Taking all of this into account, I will begin the process of sharing a strategy I have called Functional Range Conditioning for CP.  It is a relatively comprehensive set of skills from the objective observers perspective that is based in an equally "heavy" physiological foundation...but at the same time, it is something that lends well to the "end-user".  This means that it has been specifically formulated to resonate well with any parent / care-giver and therefore serve as a valuable tool that can be used directly in the home.

The term "Functional Range Conditioning" is something I have essentially borrowed from an already established methodology used in athletes that efficiently and effectively frames an essential (and fundamental) reality:

In order for functional performance to improve (and thus reach maximum potential), we must first ensure that joints actually behave as joints.  If the singular articulations are dysfunctional, then the movement potential of the entire body is limited.  

Therefore, the strategy --- when addressing the issue of restricted / reduced ranges of motion --- is to first identify the dynamic behaviour of the joints before engaging in any active (or aggressive) stretching protocols.

Mitigating the challenges and risks of stretching

Challenges and risks??!  These specific things are identified in detail in the earlier stretching post, but once you have absorbed these risks and challenges, the next practical question becomes: 

"How do I (we) navigate and reduce them?

One of the MANY architectural challenges in CP is the inherent "mismatch" between the excessive strength (tightness) of the muscle fiber and the relative weakness of the connective tissue "anchors" (tendon, tendon attachment to the bone).  In other words, when we import a standard stretching protocol to CP, it is impossible to confidently be sure that the stretch itself is actually stretching muscle or in fact stressing / straining the tendon and/or the attachments to the bone. 

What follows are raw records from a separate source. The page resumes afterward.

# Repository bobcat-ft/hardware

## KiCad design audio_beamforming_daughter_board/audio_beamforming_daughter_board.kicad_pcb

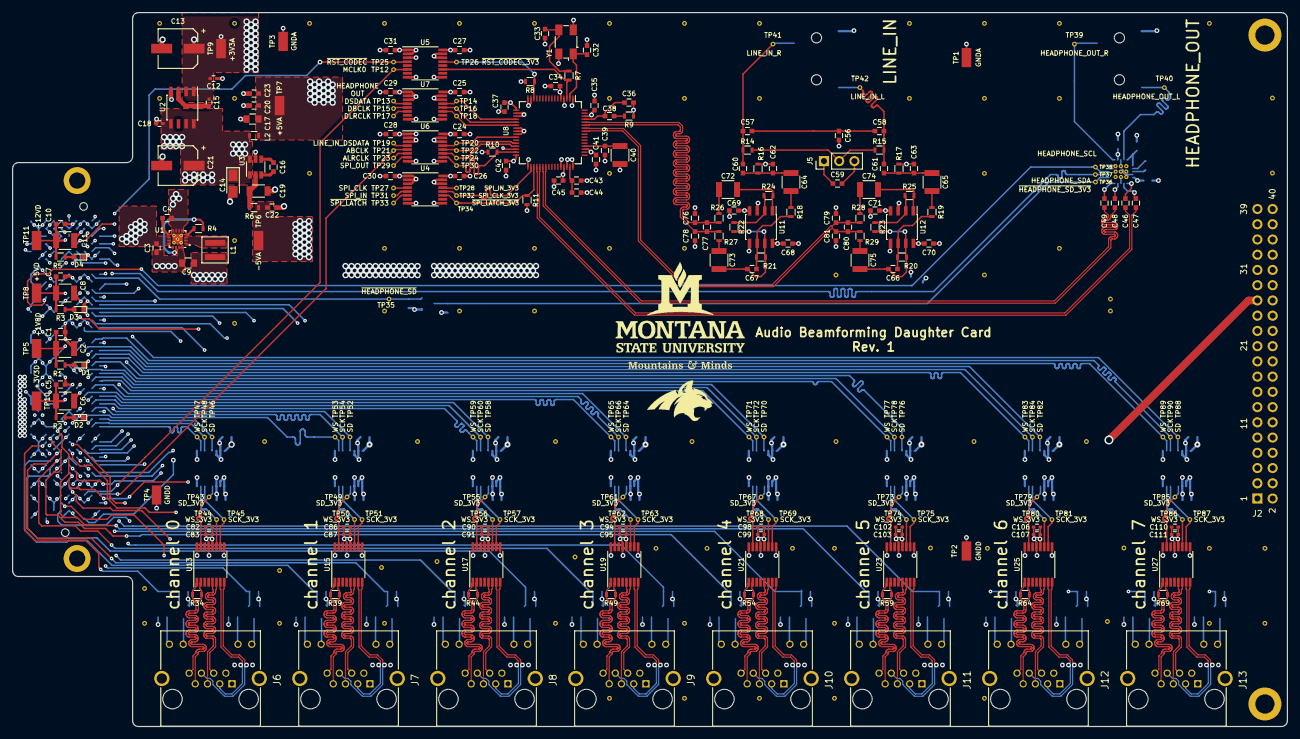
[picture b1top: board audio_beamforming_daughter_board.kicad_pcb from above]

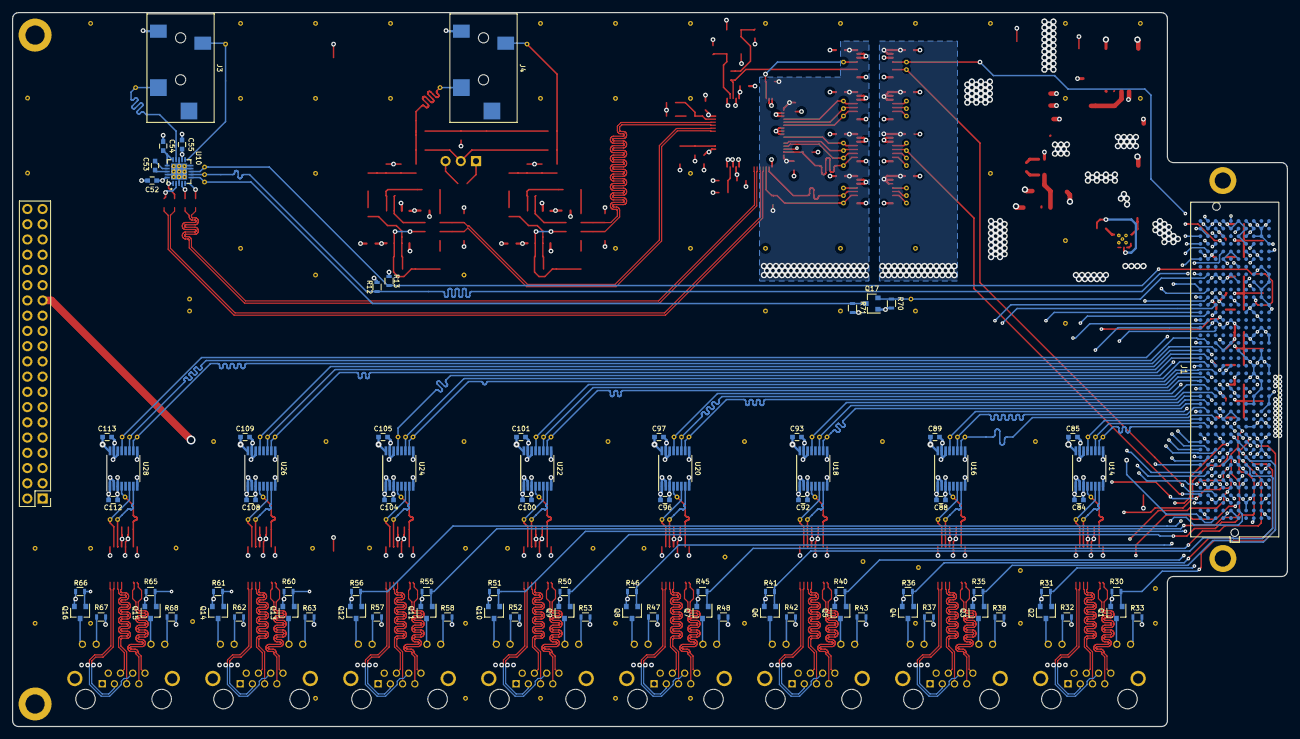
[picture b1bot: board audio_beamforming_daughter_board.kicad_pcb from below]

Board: 6 copper layers, 212.5 x 119.0 mm, 412 parts (86 on the bottom side), 266 nets.

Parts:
C1, C5, C7, C10, C22, C44: 10uF; C_0603
C2, C6, C8, C11: 100uF; C_1210
C3, C20: 10nF; C_0603
C4: 3300pF; C_0603
C9, C17: 22uF; C_0805
C12, C18, C82, C86, C90, C94, C98, C102, C106, C110: 0.1uF; C_0402
C13, C21: 47uF; CP_Elec_6.3x5.8
C14: 10uF; CP_Tantalum_Case-A_EIA-3216-18_Reflow
C15: 10nF; C_0402
C16, C23, C24, C25, C26, C27, C28, C29, C30, C31, C34, C35, C37, C39, C41, C42, C43, C45, C59, C68, C69, C70, C71, C84, C85, C88, C89, C92, C93, C96, C97, C100, C101, C104, C105, C108, C109, C112, C113: 0.1uF; C_0603
C19: 22uF; C_1206
C32, C33: 22pF; C_0603
C36: 390pF; C_0603
C38: 5600pF; C_0603
C40, C64, C65, C72, C73, C74, C75: 47uF; C_1210
C46, C47, C48, C49: 0.47uF; C_0603
C52, C53, C54, C55, C60, C61: 1.0uF; C_0603
C56, C57, C58, C76, C78, C79, C81: 1000pF; C_0603
C62, C63, C77, C80: 100pF; C_0603
C66, C67: 120pF; C_0603
C83, C87, C91, C95, C99, C103, C107, C111: 4700pF; C_0402
D1, D2, D3, D4: SML-LX0603SRW-TR; LED_0603
J1: ASP-134488-01; asp-134488-01
J2: TSW-120-07-F-D; Pin_Header_Straight_2x20_Pitch2.54mm
J3, J4: SJ-3523-SMT-TR; sj-352x-smt
J5: TSW-103-07-G-S; Pin_Header_Straight_1x03_Pitch2.54mm
J6, J7, J8, J9, J10, J11, J12, J13: 615008137421; WURTH_615008137421
L1: 2.2uH; xfl4020
L2: BLM18BA220SN1D; L_0603
Q1, Q2, Q3, Q4, Q5, Q6, Q7, Q8, Q9, Q10, Q11, Q12, Q13, Q14, Q15, Q16, Q17: NX138AKR; SOT-23
R1: 6.2; R_0603
R2: 107; R_0603
R3: 220; R_0603
R4: 100k; R_0603
R5: 680; R_0603
R6: 3.9; R_0603
R7: 49.9; R_0603
R8, R10, R11, R12, R13, R30, R31, R35, R36, R40, R41, R45, R46, R50, R51, R55, R56, R60, R61, R65, R66, R70, R71: 10k; R_0603
R9: 562; R_0603
R14, R15: 6.81k; R_0603
R16, R17: 4.99k; R_0603
R18, R19, R20, R21, R22, R23, R24, R25: 5.76k; R_0603
R26, R27, R28, R29: 237; R_0603
R32, R33, R37, R38, R42, R43, R47, R48, R52, R53, R57, R58, R62, R63, R67, R68: 330; R_0603
R34, R39, R44, R49, R54, R59, R64, R69: 100; R_0603
TP1, TP3: GNDA; Measurement_Point_SMD_1206
TP2, TP4: GNDD; Measurement_Point_SMD_1206
TP5: +1V8D; Measurement_Point_SMD_1206
TP6: -5VA; Measurement_Point_SMD_1206
TP7: +5VA; Measurement_Point_SMD_1206
TP8: +5VD; Measurement_Point_SMD_1206
TP9: +3V3A; Measurement_Point_SMD_1206
TP10: +3V3D; Measurement_Point_SMD_1206
TP11: +12VD; Measurement_Point_SMD_1206
TP12: MCLK0; Measurement_Point_Round-TH_0.4mm
TP13: HEADPHONE_OUT_DSDATA; Measurement_Point_Round-TH_0.4mm
TP14: HEADPHONE_OUT_DSDATA_3V3; Measurement_Point_Round-TH_0.4mm
TP15: DBCLK; Measurement_Point_Round-TH_0.4mm
TP16: DBCLK_3V3; Measurement_Point_Round-TH_0.4mm
TP17: DLRCLK; Measurement_Point_Round-TH_0.4mm
TP18: DLRCLK_3V3; Measurement_Point_Round-TH_0.4mm
TP19: LINE_IN_DSDATA; Measurement_Point_Round-TH_0.4mm
TP20: LINE_IN_DSDATA_3V3; Measurement_Point_Round-TH_0.4mm
TP21: ABCLK; Measurement_Point_Round-TH_0.4mm
TP22: ABCLK_3V3; Measurement_Point_Round-TH_0.4mm
TP23: ALRCLK; Measurement_Point_Round-TH_0.4mm
TP24: ALRCLK_3V3; Measurement_Point_Round-TH_0.4mm
TP25: ~RST_CODEC; Measurement_Point_Round-TH_0.4mm
TP26: ~RST_CODEC_3V3; Measurement_Point_Round-TH_0.4mm
TP27: SPI_IN; Measurement_Point_Round-TH_0.4mm
TP28: SPI_IN_3V3; Measurement_Point_Round-TH_0.4mm
TP29: SPI_OUT; Measurement_Point_Round-TH_0.4mm
TP30: SPI_OUT_3V3; Measurement_Point_Round-TH_0.4mm
TP31: SPI_CLK; Measurement_Point_Round-TH_0.4mm
TP32: SPI_CLK_3V3; Measurement_Point_Round-TH_0.4mm
TP33: ~SPI_LATCH; Measurement_Point_Round-TH_0.4mm
TP34: ~SPI_LATCH_3V3; Measurement_Point_Round-TH_0.4mm
TP35: ~HEADPHONE_SD; Measurement_Point_Round-TH_0.4mm
TP36: ~HEADPHONE_SD_3V3; Measurement_Point_Round-TH_0.4mm
TP37: HEADPHONE_SDA; Measurement_Point_Round-TH_0.4mm
TP38: HEADPHONE_SCL; Measurement_Point_Round-TH_0.4mm
TP39: HEADPHONE_OUT_R; Measurement_Point_Round-TH_0.4mm
TP40: HEADPHONE_OUT_L; Measurement_Point_Round-TH_0.4mm
TP41: LINE_IN_R; Measurement_Point_Round-TH_0.4mm
TP42: LINE_IN_L; Measurement_Point_Round-TH_0.4mm
TP43, TP49, TP55, TP61, TP67, TP73, TP79, TP85: SD_3V3; Measurement_Point_Round-TH_0.4mm
TP44, TP50, TP56, TP62, TP68, TP74, TP80, TP86: WS_3V3; Measurement_Point_Round-TH_0.4mm
TP45, TP51, TP57, TP63, TP69, TP75, TP81, TP87: SCK_3V3; Measurement_Point_Round-TH_0.4mm
TP46, TP52, TP58, TP64, TP70, TP76, TP82, TP88: SD; Measurement_Point_Round-TH_0.4mm
TP47, TP53, TP59, TP65, TP71, TP77, TP83, TP89: WS; Measurement_Point_Round-TH_0.4mm
TP48, TP54, TP60, TP66, TP72, TP78, TP84, TP90: SCK; Measurement_Point_Round-TH_0.4mm
U1: TPS62153RGTT; ti_vqfn-16
U2: ADP3303ARZ-3.3-RL7; SOIC-8_3.9x4.9mm_Pitch1.27mm
U3: LTC1983ES6-5#TRMPBF; TSOT-23-6
U4, U5, U6, U7, U14, U16, U18, U20, U22, U24, U26, U28: 74AVC4T245; TSSOP-16_4.4x5mm_Pitch0.65mm
U8: AD1939YSTZ; LQFP-64_10x10mm_Pitch0.5mm
U10: TPA6130A2; ti_pwqfn_n20
U11, U12: ADA4075-2; SOIC-8_3.9x4.9mm_Pitch1.27mm
U13, U15, U17, U19, U21, U23, U25, U27: SN65LVDS049; TSSOP-16_4.4x5mm_Pitch0.65mm
V3_1, V3_2, V4_1, V4_2, V4_4, V4_5, V4_5#2, V4_5#3, V4_5#4, V4_5#5, V4_5#6, V4_5#7, V4_5#8, V4_5#9, V4_5#10, V4_5#11, V4_5#12, V4_5#13, V4_5#14, V4_5#15, V5_1, V5_3, V6_1, V6_4, V6_9, V6_9#2, V6_9#3, V6_9#4, V7_1, V7_4, V8_1, V8_4, V9_1, V9_2, V9_3, V9_4, V9_10, V10_1, V10_2, V10_4, V10_9, V10_9#2, V10_10, V11_1, V11_2, V11_10, V12_8, V12_8#2, V12_8#3, V12_8#4, V12_8#5, V12_8#6, V12_8#7, V12_8#8, V12_9, V12_10, V13_1, V13_2, V14_1, V14_2, V14_3, V14_8, V14_10, V15_1, V15_2, V15_4, V16_8, V16_8#2, V16_8#3, V17_1, V17_8, V17_8#2, V17_9, V17_9#2, V18_2, V18_3: AUTO_VIA; VIA_MATRIX
Y1: ABM3B-12.288MHZ-10-1-U-T; Crystal_SMD_Abracon_ABM3B-4pin_5.0x3.2mm

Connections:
+1V8D: C1.1, C2.1, C28.2, C29.2, C30.2, C31.2, C85.2, C89.2, C93.2, C97.2, C101.2, C105.2, C109.2, C113.2, J1.E39, J1.F40, J1.G39, J1.H01, J1.H40, J1.J39, J1.K01, J1.K40, J2.27, Q17.1, R1.2, R70.1, TP5.1, U4.1, U4.2, U4.3, U5.1, U5.2, U6.1, U7.1, U7.2, U7.3, U14.16, U16.16, U18.16, U20.16, U22.16, U24.16, U26.16, U28.16
+3V3A: C12.1, C13.1, C15.2, C34.2, C35.2, C36.2, C41.2, C45.1, R9.1, TP9.1, U2.1, U2.2, U8.5, U8.45, U8.51, U8.62
+3V3D: C5.1, C6.1, C24.2, C25.2, C26.2, C27.2, C37.1, C42.1, C82.2, C83.2, C84.2, C86.2, C87.2, C88.2, C90.2, C91.2, C92.2, C94.2, C95.2, C96.2, C98.2, C99.2, C100.2, C102.2, C103.2, C104.2, C106.2, C107.2, C108.2, C110.2, C111.2, C112.2, J1.C39, J1.D32, J1.D36, J1.D38, J1.D40, J2.31, J6.1, J7.1, J8.1, J9.1, J10.1, J11.1, J12.1, J13.1, R2.2, R8.2, R11.2, R12.1, R13.2, R32.1, R33.1, R37.1, R38.1, R42.1, R43.1, R47.1, R48.1, R52.1, R53.1, R57.1, R58.1, R62.1, R63.1, R67.1, R68.1, R71.1, TP10.1, U4.16, U5.16, U6.16, U7.16, U8.17, U8.32, U13.12, U13.16, U14.1, U14.2, U15.12, U15.16, U16.1, U16.2, U17.12, U17.16, U18.1, U18.2, U19.12, U19.16, U20.1, U20.2, U21.12, U21.16, U22.1, U22.2, U23.12, U23.16, U24.1, U24.2, U25.12, U25.16, U26.1, U26.2, U27.12, U27.16, U28.1, U28.2
+5VA: C17.1, C20.1, C23.1, C52.2, C55.2, C59.2, C68.2, C70.1, J5.3, L2.2, TP7.1, U10.12, U10.20, U11.8, U12.8
+5VD: C7.1, C8.1, C9.1, C14.1, C18.1, C21.1, J2.35, L1.2, L2.1, R3.2, R4.1, TP8.1, U1.14, U2.5, U2.7, U2.8, U3.1, U3.6
+12VD: C3.1, C10.1, C11.1, J1.C35, J1.C37, J2.39, R5.2, TP11.1, U1.10, U1.11, U1.12, U1.13
-5VA: C22.1, C69.1, C71.1, R6.1, TP6.1, U11.4, U12.4
/FMC Connector/ABCLK: J1.K04, TP21.1, U6.5
/FMC Connector/ALRCLK: J1.J37, TP23.1, U6.6
/FMC Connector/DBCLK: J1.H38, TP15.1, U7.5
/FMC Connector/DLRCLK: J1.K38, TP17.1, U7.6
/FMC Connector/GPIO0: J1.G10, J2.1
/FMC Connector/GPIO1: J1.F10, J2.2
/FMC Connector/GPIO2: J1.F11, J2.3
/FMC Connector/GPIO3: J1.G06, J2.4
/FMC Connector/GPIO4: J1.F07, J2.5
/FMC Connector/GPIO5: J1.G07, J2.6
/FMC Connector/GPIO6: J1.F08, J2.7
/FMC Connector/GPIO7: J1.J07, J2.8
/FMC Connector/GPIO8: J1.K07, J2.9
/FMC Connector/GPIO9: J1.H07, J2.10
/FMC Connector/GPIO10: J1.K08, J2.11
/FMC Connector/GPIO11: J1.H08, J2.12
/FMC Connector/GPIO12: J1.G09, J2.13
/FMC Connector/GPIO13: J1.J09, J2.14
/FMC Connector/GPIO14: J1.H10, J2.15
/FMC Connector/GPIO15: J1.K10, J2.16
/FMC Connector/GPIO16: J1.J10, J2.17
/FMC Connector/GPIO17: J1.K11, J2.18
/FMC Connector/GPIO18: J1.H26, J2.19
/FMC Connector/GPIO19: J1.K26, J2.20
/FMC Connector/GPIO20: J1.G27, J2.21
/FMC Connector/GPIO21: J1.J27, J2.22
/FMC Connector/GPIO22: J1.H28, J2.23
/FMC Connector/GPIO23: J1.J28, J2.24
/FMC Connector/GPIO24: J1.K28, J2.25
/FMC Connector/GPIO25: J1.H29, J2.26
/FMC Connector/GPIO26: J1.K29, J2.29
/FMC Connector/GPIO27: J1.G30, J2.30
/FMC Connector/GPIO28: J1.J30, J2.33
/FMC Connector/GPIO29: J1.H31, J2.34
/FMC Connector/GPIO30: J1.J31, J2.37
/FMC Connector/GPIO31: J1.K31, J2.38
/FMC Connector/HEADPHONE_OUT_DSDATA: J1.G37, TP13.1, U7.4
/FMC Connector/HEADPHONE_SCL: J1.C30, R13.1, TP38.1, U10.8
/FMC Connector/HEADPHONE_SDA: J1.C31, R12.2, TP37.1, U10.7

Therefore, before any angular (dynamic) movement is done, we should first provide some essential "nutrition" to the joint itself.  This is the first step in Functional Range Conditioning:

1. Joint Health and Nutrition

In order to achieve true productive range of motion, the joints MUST be healthy (or as healthy as possible) and formally behave (perform) as they are designed.  The reality in CP is that the majority of the synovial joints manifest moderate to profound stiffness.  In other words, the joint capsule (the connective tissue that covers the entire joint like a sac) manifests a certain fibrosis.  This means that rather than being a pliable and adjustable membrane, it is tight, fibrous, and relatively unforgiving. 

"Sponge Analogy"

I have used the Sponge Analogy on many occasions and I can honestly say that it is one of my most favorite ways of explaining joint behaviour in a way that is almost instantaneously understandable. 

Joint require a certain level of fluid...not only within the joint itself, but within the layers of tissue and even down to the cellular level.  This fluid essentially "bathes" the joint...providing not only lubrication and movement freedom, but also NUTRIENTS.  When a joint is fibrotic, it can formally be related to a dry sponge.  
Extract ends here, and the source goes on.